Back at my table, reading the case and taking notes, I was interrupted by the older man who wanted me to help him find a case in a book, and also to explain how to use the key system at the beginning of court rulings. I was not eager to help him. My time is limited, and I knew he was looking at cases already filed by his lawyer. "What good is it to do research after your case has been filed?" I asked. This is something he should have done before. I quickly found his case and managed to read the rest of my case before the guard was yelling, "Library is over."

As I stepped out into the heat, I was disappointed to get so little done. For years, I have been looking for a way to petition the court for a retrial. Apparently, I will be waiting longer.

Cellmates -- May 29, 2009

Earlier this week, my cellie spoke to me about how he had put in for a medium-security transfer. Although the chances of his transfer being approved are low, I was concerned about getting a new cellie. For the most part, prisoners are assigned cellies at random. While here, I have had the misfortune of having to share a cell with the worst of people. I have been celled with the most obnoxious, loud, discourteous, stupid, hostile, mildly insane men, or simply with those I have absolutely nothing in common with. Due to this, I have served the most miserable time at Stateville, and the prospect of getting a new cellie is always unsettling.

Having a compatible cellie in a maximum-security prison is important, and I consider that to be the most important matter. At Stateville, you are locked down for long periods of time, and even when not on lockdown, you are largely confined to your cell. Cells in maximum-security are typically 5 by 10 feet, a little smaller or larger depending on where you are. My current cell is approximately 6 by 11 feet. Cellies must share this small space to do all of life's activities including using the toilet, washing up in the sink, exercising, eating, sleeping, listening to the radio, etc. As I write this journal entry, my cellie is jogging in place at the other end of the cell. In order to do almost anything you need to coordinate with your cellie. Otherwise you are regularly bumping into each other, arguing, or playing a game of Twister, which I refuse to play.

Many years ago when I first came to prison, prisoners were allowed to chose their own cellies.
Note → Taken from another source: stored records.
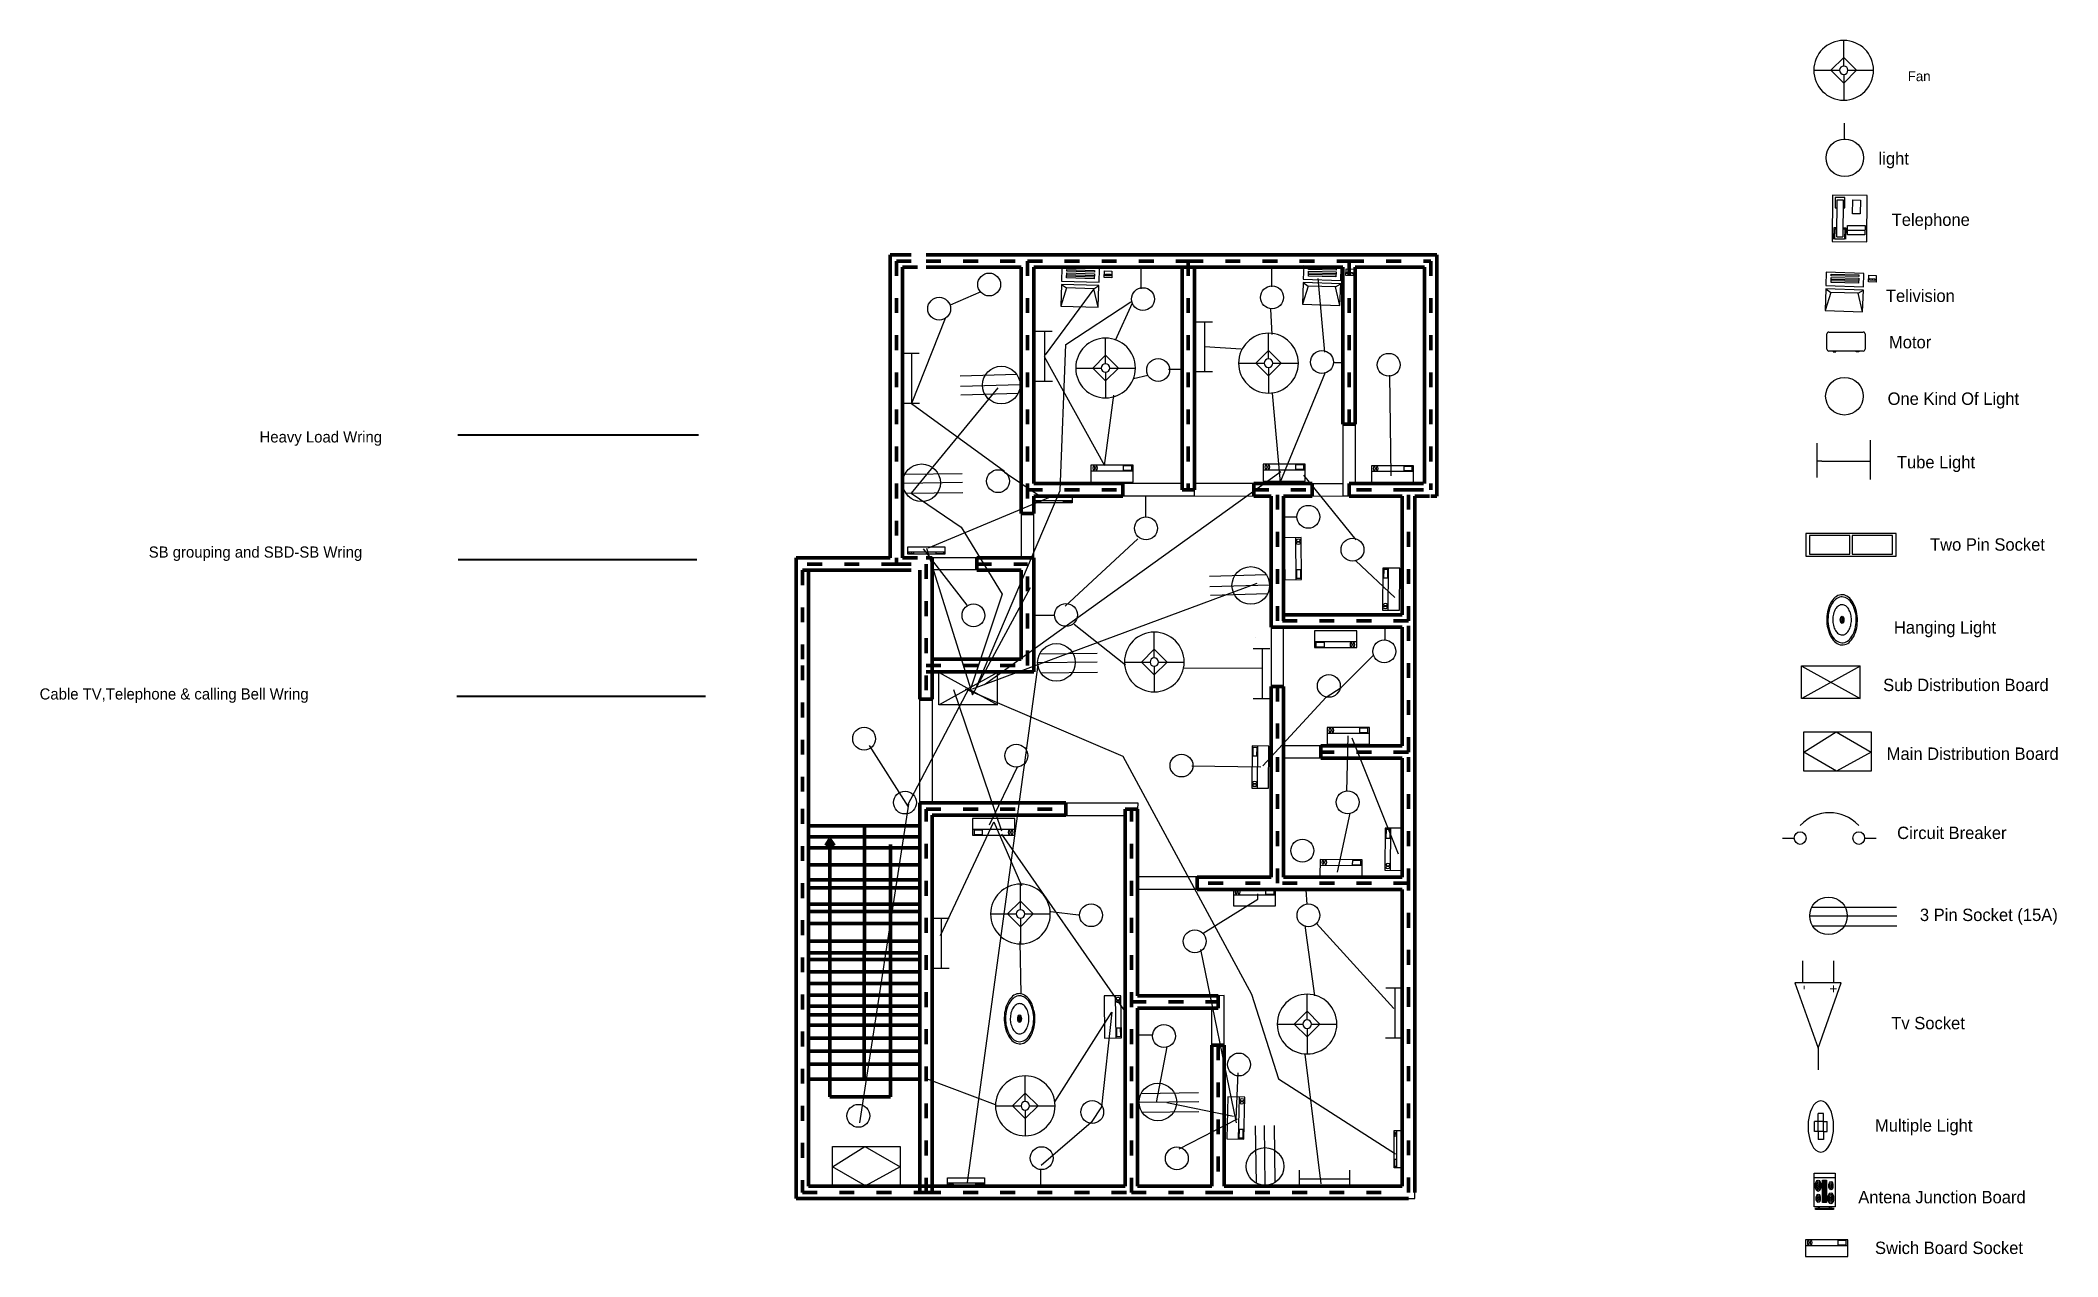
# Model space of a CAD drawing. Header units: inches. Extents: x 116 to 1747, y -771 to 212.
import ezdxf

# ---------------------------------------------------------------- set-up
doc = ezdxf.new("R2010")
doc.units = ezdxf.units.IN
doc.header["$MEASUREMENT"] = 0
doc.linetypes.add('ACAD_ISO03W100', pattern=[30, 12, -18])

# ---------------------------------------------------------------- blocks, each defined once
blk = doc.blocks.new('Lamp - Table')
at = {"linetype": 'Continuous'}
for p, q in [((0, 7), (0, 1)), ((-1, 0), (-7, 0)), ((0, 3), (-3, 0)), ((-3, 0), (0, -3)), ((3, 0), (0, 3)), ((0, -3), (3, 0)), ((1, 0), (7, 0)), ((0, -1), (0, -7))]:
    blk.add_line(p, q, dxfattribs=at)
for radius in [7, 1]:
    blk.add_circle((0, 0), radius, dxfattribs=at)
blk = doc.blocks.new('Phone - Desk')
at = {"linetype": 'Continuous'}
for p, q in [((-4.5, -5), (-4.5, 5)), ((-4.5, 5), (4.5, 5)), ((-4, 4.5), (-4, 2)), ((-3.75, 4.5), (-3.75, 2.25)), ((-1.25, 4.5), (-3.75, 4.5)), ((-1.25, 2.25), (-1.25, 4.5)), ((-1, 2), (-1, 4.5)), ((4.5, 5), (4.5, -5)), ((-4, 2), (-3.25, 2)), ((-3.75, 2.25), (-3.25, 2.25)), ((-3.25, 4), (-3.25, -4)), ((-3.25, 4), (-1.75, 4)), ((-1.75, -4), (-1.75, 4)), ((-1.75, 2.25), (-1.25, 2.25)), ((-1.75, 2), (-1, 2)), ((4, 3.5), (-0.5, 3.5)), ((-0.5, 3.5), (-0.5, 1.5)), ((-0.5, 2.5), (4, 2.5)), ((-0.5, 1.5), (4, 1.5)), ((4, 1.5), (4, 3.5)), ((-3.75, -2.25), (-3.25, -2.25)), ((-3.75, -4.5), (-3.75, -2.25)), ((-3.25, -4), (-1.75, -4)), ((-1.75, -2.25), (-1.25, -2.25)), ((-1.25, -2.25), (-1.25, -4.5)), ((2.75, -1), (0.75, -1)), ((0.75, -1), (0.75, -4)), ((0.75, -4), (2.75, -4)), ((2.75, -4), (2.75, -1)), ((4.5, -5), (-4.5, -5)), ((-1.25, -4.5), (-3.75, -4.5))]:
    blk.add_line(p, q, dxfattribs=at)
blk = doc.blocks.new('Computer Terminal')
at = {"linetype": 'Continuous'}
for p, q in [((-10, 11.5), (5, 11.5)), ((-8, 0.5), (-10, 11.5)), ((-10, -1.5), (-10, 11.5)), ((5, 11.5), (3, 0.5)), ((5, 11.5), (5, -1.5)), ((-10, -1.5), (-8, 0.5)), ((3, 0.5), (-8, 0.5)), ((3, 0.5), (5, -1.5)), ((5, -1.5), (-10, -1.5)), ((-10, -11.5), (-10, -3.5)), ((-10, -3.5), (5, -3.5)), ((-8, -5.5), (-8, -8.5)), ((3, -5.5), (-8, -5.5)), ((3, -6.5), (-8, -6.5)), ((-8, -7.5), (3, -7.5)), ((3, -8.5), (3, -5.5)), ((5, -3.5), (5, -11.5)), ((10, -6.5), (7, -6.5)), ((7, -6.5), (7, -10.5)), ((9.5, -7.5), (7.5, -7.5)), ((7.5, -7.5), (7.5, -8.5)), ((8.5, -7.5), (8.5, -8.5)), ((9.5, -8.5), (9.5, -7.5)), ((10, -10.5), (10, -6.5)), ((5, -11.5), (-10, -11.5)), ((-8, -8.5), (3, -8.5)), ((-8, -9.5), (-8, -10.5)), ((3, -9.5), (-8, -9.5)), ((-8, -10.5), (3, -10.5)), ((3, -10.5), (3, -9.5)), ((7, -10.5), (10, -10.5)), ((7.5, -8.5), (9.5, -8.5))]:
    blk.add_line(p, q, dxfattribs=at)
blk = doc.blocks.new('Desk - 30 x 60 in.')
at = {"linetype": 'Continuous'}
for p, q in [((-26.999995, 0), (26.999995, 0)), ((-29.999995, -27), (-29.999995, -3)), ((26.999995, -30), (-26.999995, -30)), ((-20.000005, -30), (-20.000005, -31)), ((-20.000005, -31), (-16.000005, -31)), ((-16.000005, -31), (-16.000005, -30)), ((15.999995, -31), (15.999995, -30)), ((19.999995, -31), (15.999995, -31)), ((19.999995, -30), (19.999995, -31)), ((29.999995, -3), (29.999995, -27))]:
    blk.add_line(p, q, dxfattribs=at)
for centre, start, end in [((-26.499995, -3.5), 98.1301, 171.8699), ((26.499995, -3.5), 8.130102, 81.8699), ((-26.499995, -26.5), 188.1301, 261.8699), ((26.499995, -26.5), 278.1301, 351.8699)]:
    blk.add_arc(centre, 3.535534, start, end, dxfattribs=at)
blk = doc.blocks.new('Wall Cabinet - 18 x 36 in front')
for p, q in [((17.5, -1.5), (17.5, -16.5)), ((18.5, -16.5), (18.5, -1.5))]:
    blk.add_line(p, q)
blk.add_lwpolyline([(0, -18), (0, 0), (36, 0), (36, -18)], close=True)
for points in [[(17.5, -16.5), (1.5, -16.5), (1.5, -1.5), (17.5, -1.5)], [(18.5, -1.5), (34.5, -1.5), (34.5, -16.5), (18.5, -16.5)]]:
    blk.add_lwpolyline(points)
blk = doc.blocks.new('Sink - Oval top')
for p, q in [((-1, 0), (1, 0)), ((0, 1), (0, -1))]:
    blk.add_line(p, q)
at = {"linetype": 'Continuous'}
for points in [[(-12.23, 0.39, 0.117634), (-11.46, -3.36, 0.104469), (-8.88, -6.8, 0.090016), (-5.08, -9.07, 0.08192), (-0.32, -10.02, 0.08192), (4.49, -9.38, 0.090016), (8.42, -7.36, 0.104469), (11.22, -4.09, 0.117634), (12.23, -0.39, 0.117634), (11.46, 3.36, 0.104469), (8.88, 6.8, 0.090016), (5.08, 9.07, 0.08192), (0.32, 10.02, 0.08192), (-4.49, 9.38, 0.090016), (-8.42, 7.36, 0.104469), (-11.22, 4.09, 0.117634)], [(-11.29, 0.16, 0.118622), (-10.52, -3.25, 0.104678), (-8.07, -6.36, 0.089562), (-4.54, -8.37, 0.081185), (-0.13, -9.15, 0.081185), (4.3, -8.49, 0.089562), (7.89, -6.58, 0.104678), (10.42, -3.55, 0.118622), (11.29, -0.16, 0.118622), (10.52, 3.25, 0.104678), (8.07, 6.36, 0.089562), (4.54, 8.37, 0.081185), (0.13, 9.15, 0.081185), (-4.3, 8.49, 0.089562), (-7.89, 6.58, 0.104678), (-10.42, 3.55, 0.118622)], [(-7.42, 0.08, 0.118283), (-6.91, -2.17, 0.104607), (-5.29, -4.21, 0.089718), (-2.97, -5.53, 0.081436), (-0.07, -6.04, 0.081436), (2.84, -5.59, 0.089718), (5.2, -4.33, 0.104607), (6.86, -2.32, 0.118283), (7.42, -0.08, 0.118283), (6.91, 2.17, 0.104607), (5.29, 4.21, 0.089718), (2.97, 5.53, 0.081436), (0.07, 6.04, 0.081436), (-2.84, 5.59, 0.089718), (-5.2, 4.33, 0.104607), (-6.86, 2.32, 0.118283)]]:
    blk.add_lwpolyline(points, format="xyb", close=True, dxfattribs=at)
for radius in [1.5, 1]:
    blk.add_circle((0, 0), radius)
blk = doc.blocks.new('Circuit Breaker')
at = {"color": 7}
for p, q in [((0, 0), (0.049999, 0)), ((0.349999, 0), (0.399999, 0))]:
    blk.add_line(p, q, dxfattribs=at)
for centre in [(0.074999, 0), (0.324999, 0)]:
    blk.add_circle(centre, 0.025, dxfattribs=at)
blk.add_arc((0.199999, -0.081249), 0.18125, 46.39717, 133.6028, dxfattribs=at)
blk = doc.blocks.new('Operational Amplifier')
at = {"color": 7}
for p, q in [((0, 0.400001), (0.200001, 0.400001)), ((0.200001, 0.5), (0.800001, 0.200001)), ((0.200001, -0.099999), (0.200001, 0.5)), ((0.800001, 0.200001), (0.200001, -0.099999)), ((0.800001, 0.200001), (1, 0.200001)), ((0, 0), (0.200001, 0))]:
    blk.add_line(p, q, dxfattribs=at)
at = {"color": 7, "width": 0.833}
for s, p in [('-', (0.222555, 0.33127)), ('+', (0.218213, -0.056269))]:
    blk.add_text(s, height=0.12, dxfattribs=at).set_placement(p)
blk = doc.blocks.new('Cross Pt Flathead Screw - 10 mm top')
at = {"color": 0, "linetype": 'Continuous'}
for p, q in [((-4.95, 1.97), (-4.95, -1.97)), ((-1.97, 1.97), (-4.95, 1.97)), ((-1.97, 1.97), (-1.97, 4.95)), ((1.97, 4.95), (-1.97, 4.95)), ((-1.97, 1.97), (-1.97, -1.97)), ((1.97, 1.97), (-1.97, 1.97)), ((1.97, 1.97), (1.97, 4.95)), ((1.97, 1.97), (1.97, -1.97)), ((1.97, 1.97), (4.95, 1.97)), ((4.95, 1.97), (4.95, -1.97)), ((-1.97, -1.97), (-4.95, -1.97)), ((1.97, -1.97), (-1.97, -1.97)), ((-1.97, -1.97), (-1.97, -4.95)), ((1.97, -4.95), (-1.97, -4.95)), ((1.97, -1.97), (1.97, -4.95)), ((1.97, -1.97), (4.95, -1.97))]:
    blk.add_line(p, q, dxfattribs=at)
blk.add_circle((0, 0), 9.84, dxfattribs=at)
blk = doc.blocks.new('Range-Oven - 30 in top')
for p, q in [((0, -3), (30, -3)), ((12, -6), (18, -6)), ((13, -20), (13, -6)), ((14, -6), (14, -20)), ((15, -20), (15, -6)), ((16, -6), (16, -20)), ((17, -20), (17, -6)), ((6, -24), (6, -25)), ((8, -25), (8, -24)), ((18, -20), (12, -20)), ((22, -25), (22, -24)), ((24, -24), (24, -25))]:
    blk.add_line(p, q)
for points in [[(0, -24), (0, 0), (30, 0), (30, -24)], [(12, -21), (12, -5), (18, -5), (18, -21)], [(2, -26), (2, -25), (28, -25), (28, -26)]]:
    blk.add_lwpolyline(points, close=True)
for centre, radius in [((6, -9), 4), ((6, -9), 3), ((6, -9), 2), ((6, -9), 1), ((24, -18), 4), ((24, -9), 3), ((24, -9), 2), ((24, -9), 1), ((6, -18), 3), ((6, -18), 2), ((6, -18), 1), ((24, -18), 3), ((24, -18), 2), ((24, -18), 1)]:
    blk.add_circle(centre, radius)
blk = doc.blocks.new('Range Hood - 30 in front')
blk.add_line((0, -4), (30.0001, -4))
for points in [[(0, -6), (0, 0), (30.0001, 0), (30.0001, -6)], [(23, -5.75), (23, -4.25), (29, -4.25), (29, -5.75)]]:
    blk.add_lwpolyline(points, close=True)
for centre in [(2, -5), (4, -5)]:
    blk.add_circle(centre, 0.75)

msp = doc.modelspace()

# ---------------------------------------------------------------- hatches: boundary and pattern name
msp.add_hatch(color=256).paths.add_polyline_path([(754.1, -433.8), (750.7, -439.1), (754.1, -439.1), (754.1, -439.1), (757.4, -439.1)])

# ---------------------------------------------------------------- linework, layer by layer
for p, q in [((1574.3, 131.6), (1574.3, 144.9)), ((1574.3, 132.5), (1574.3, 131.6)), ((1005.6, 11.1), (1005.6, 29.5)), ((1111.4, 27.4), (1110, 27.4)), ((1111.4, 12.6), (1111.4, 27.4)), ((1154.2, -40.2), (1148.8, 19.3)), ((876.1, 8.6), (851.4, -2.1)), ((967.5, 11), (928, -42.4)), ((847.1, -13.1), (820.1, -81.8)), ((984.9, -30.4), (998.7, -0.3)), ((1049.7, -15.6), (1063.3, -15.6)), ((1057, -15.6), (1057, -56.3)), ((1110.3, -5.5), (1111.2, -26)), ((920.2, -23.1), (933.8, -23.1)), ((927.5, -23.1), (927.5, -63.8)), ((812.8, -41.1), (826.3, -41.1)), ((820.1, -41.1), (820.1, -81.8)), ((927.4, -43.7), (976, -131.8)), ((1086.6, -37.9), (1057, -36)), ((1161.2, -48.5), (1169, -48.5)), ((905.3, -58.3), (859.3, -59.6)), ((933.9, -63.8), (920.2, -63.8)), ((933.8, -63.8), (933.8, -63.8)), ((999.4, -61.5), (1011, -58.7)), ((1027.9, -53.9), (1037.8, -53.9)), ((1063.4, -56.2), (1049.6, -56.2)), ((1063.3, -56.3), (1063.3, -56.3)), ((1118.1, -145.5), (1154.7, -56.3)), ((1207.7, -140.1), (1206.7, -58.8)), ((907.9, -66.5), (859.6, -67.9)), ((906.6, -73.6), (859.9, -74.9)), ((976, -131.8), (983.6, -75)), ((1111.7, -73.3), (1118.1, -145.5)), ((826.5, -81.8), (812.7, -81.8)), ((820.1, -81.8), (895.3, -136.4)), ((826.3, -81.8), (826.3, -81.8)), ((1551.8, -113.8), (1551.8, -141.5)), ((1595.1, -111.3), (1595.1, -143.1)), ((1555.9, -128.4), (1551.8, -128.4)), ((1555.9, -128.4), (1593.4, -128.4)), ((1593.4, -128.4), (1595.1, -128.4)), ((812.9, -146), (861.2, -145.3)), ((814.3, -138.9), (861.1, -138.3)), ((895.3, -137.1), (923.2, -156)), ((1136.8, -139.6), (1179.2, -191.9)), ((1168.8, -146.5), (1168.8, -146.6)), ((815.3, -154.2), (861.4, -153.6)), ((1009.5, -173.4), (1009.5, -156.2)), ((1048.7, -156.3), (1048.7, -151.3)), ((1168.8, -156.3), (1174, -156.3)), ((1121, -173.5), (1121, -173)), ((1131.6, -173.5), (1121, -173.5)), ((1003, -191), (944.3, -245.6)), ((865.1, -244.6), (829.6, -199.1)), ((1179.2, -208.8), (1210.7, -238.5)), ((1107, -220.3), (1061, -221.6)), ((1109.6, -228.5), (1061.3, -229.9)), ((1108.3, -235.6), (1061.6, -236.9)), ((935.7, -253.2), (918.8, -253.2)), ((951.5, -260.1), (992.9, -292.9)), ((1098.5, -270.9), (1098.5, -270.9)), ((1202.8, -273.4), (1202.8, -262.5)), ((921.9, -291.2), (970.2, -290.5)), ((923.3, -284.1), (970, -283.5)), ((1096.3, -279.9), (1109.8, -279.9)), ((1103.6, -279.9), (1103.6, -320.6)), ((1167.4, -311.2), (1193.5, -285.2)), ((842.3, -299.1), (889.5, -325.4)), ((889.5, -299.1), (842.3, -325.4)), ((924.3, -299.4), (970.4, -298.8)), ((1039.9, -295.8), (1103.4, -295.3)), ((1539.7, -294), (1586.9, -320.3)), ((1586.9, -294), (1539.7, -320.3)), ((1110, -320.5), (1096.2, -320.5)), ((1104, -374.6), (1155.3, -319.1)), ((1155.3, -319.1), (1167.4, -311.2)), ((817.7, -407.7), (786, -358.1)), ((1172.7, -350.3), (1171.8, -395.4)), ((1176.1, -352), (1213.5, -445.8)), ((1541.3, -363.6), (1567.4, -347.1)), ((1567.4, -347.1), (1595.9, -363.6)), ((883.2, -422.2), (906, -374.8)), ((1046.7, -374.6), (1102.3, -375.5)), ((1120.8, -368.4), (1120.8, -368.5)), ((1567.8, -378.9), (1541.3, -363.6)), ((1595.9, -363.6), (1567.8, -378.9)), ((817.7, -405.7), (778, -663.3)), ((1002.9, -404.6), (1002.8, -409.6)), ((836.8, -414.6), (836.8, -414.6)), ((836.8, -414.6), (836.8, -482.6)), ((836.8, -414.6), (836.8, -414.6)), ((843.4, -511.9), (886.6, -420)), ((886.6, -420), (908.9, -471.5)), ((1174.4, -412.8), (1164, -460.5)), ((836.8, -482.6), (836.8, -497.9)), ((1055.9, -509.9), (1100.1, -482.4)), ((1100.1, -482.4), (1100.1, -478)), ((1140, -486.8), (1139.1, -474.9)), ((1547.4, -488.8), (1616.3, -488.8)), ((836.8, -497.9), (850.4, -497.9)), ((844.1, -497.9), (844.1, -538.6)), ((932.6, -492.4), (954.9, -495.2)), ((1138.1, -503.6), (1145.9, -560.5)), ((1209.9, -570.7), (1147.3, -502.1)), ((1545.9, -495.8), (1616.5, -495.8)), ((1548.3, -504), (1616.5, -504)), ((907.6, -516.7), (908.4, -559.3)), ((1053.7, -523.2), (1082.4, -663.2)), ((850.5, -538.6), (836.7, -538.6)), ((850.4, -538.6), (850.4, -538.6)), ((1203.4, -554.1), (1217, -554.1)), ((1210.7, -554.1), (1210.7, -594.8)), ((1072.8, -560.3), (1067.8, -560.5)), ((1067.8, -560.5), (1067.8, -560.5)), ((1067.8, -560.5), (1067.8, -560.5)), ((936, -646.2), (981.9, -573.9)), ((981.9, -573.9), (973.6, -650.4)), ((1015, -592.5), (1002.8, -592.5)), ((1026.5, -601.8), (1017.7, -646.8)), ((1217.1, -594.8), (1203.3, -594.8)), ((1217, -594.8), (1217, -594.8)), ((1138.1, -607.6), (1150.8, -712.5)), ((831.9, -627.5), (887.6, -648.5)), ((973.6, -650.4), (965.2, -662.9)), ((1003.9, -646.5), (1052.2, -645.9)), ((1005.3, -639.4), (1052, -638.8)), ((1026.5, -646.8), (1080.3, -657.8)), ((965.2, -662.9), (924.9, -697.7)), ((1006.3, -654.7), (1052.3, -654.1)), ((1036.3, -684.2), (1083.6, -660)), ((1098.8, -712.4), (1098.2, -665.6)), ((1105.9, -713.8), (1105.3, -665.5)), ((1114.1, -711.3), (1113.5, -665.3)), ((756.2, -698.8), (782.3, -682.4)), ((782.3, -682.4), (810.9, -698.8)), ((782.7, -714.1), (756.2, -698.8)), ((810.9, -698.8), (782.7, -714.1)), ((924.2, -700.8), (924.2, -714.1)), ((1117.9, -715), (1117.9, -715)), ((1174, -708.7), (1133.3, -708.7)), ((1133.6, -715.2), (1133.6, -701.4)), ((1174, -701.4), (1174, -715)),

However, as the guards have tightened their grip, this has changed. It went from getting the approval of a guard to that of a sergeant, and then a lieutenant. Now, all moves at Stateville are done by a placement officer who only knows an inmate by his file. An inmate can write the placement officer to request a nonspecific move, or on occasion, he can talk to a lieutenant or job supervisor to speak to the assignment officer on one's behalf.

The placement officer assigns people based on aggression level and gang membership. However, sometimes people are just arbitrarily put wherever there is room. Cell houses are generally assigned to either high or low aggressive inmates, with moderates put anywhere. Security is a major concern for the administration, and the placement officer is told never to assign two people of the same gang in the same cell. Furthermore, gang groups are divided so there is never too many on one gallery or cell house. There once was a policy at Stateville of never allowing two white inmates to share a cell. However, apparently there has been a change in this policy, and probably for a good reason.

On April 2, 2008, a black prisoner brutally killed his white cellie. The victim was beaten and finally strangled with a shoelace. Sadly, the victim was to be released from prison within three weeks. Also this spring, I read a Chicago Tribune article describing a murder at another maximum-security prison, Menard. According to the article, a man with a natural life sentence who was recently released from Tamms Supermax, killed his cellie who was only placed in maximum-security as a punishment for smoking marijuana while at a minimum-security facility. The victim yelled at the guards to move him for hours, according to reports, but was ignored and later he was found dead.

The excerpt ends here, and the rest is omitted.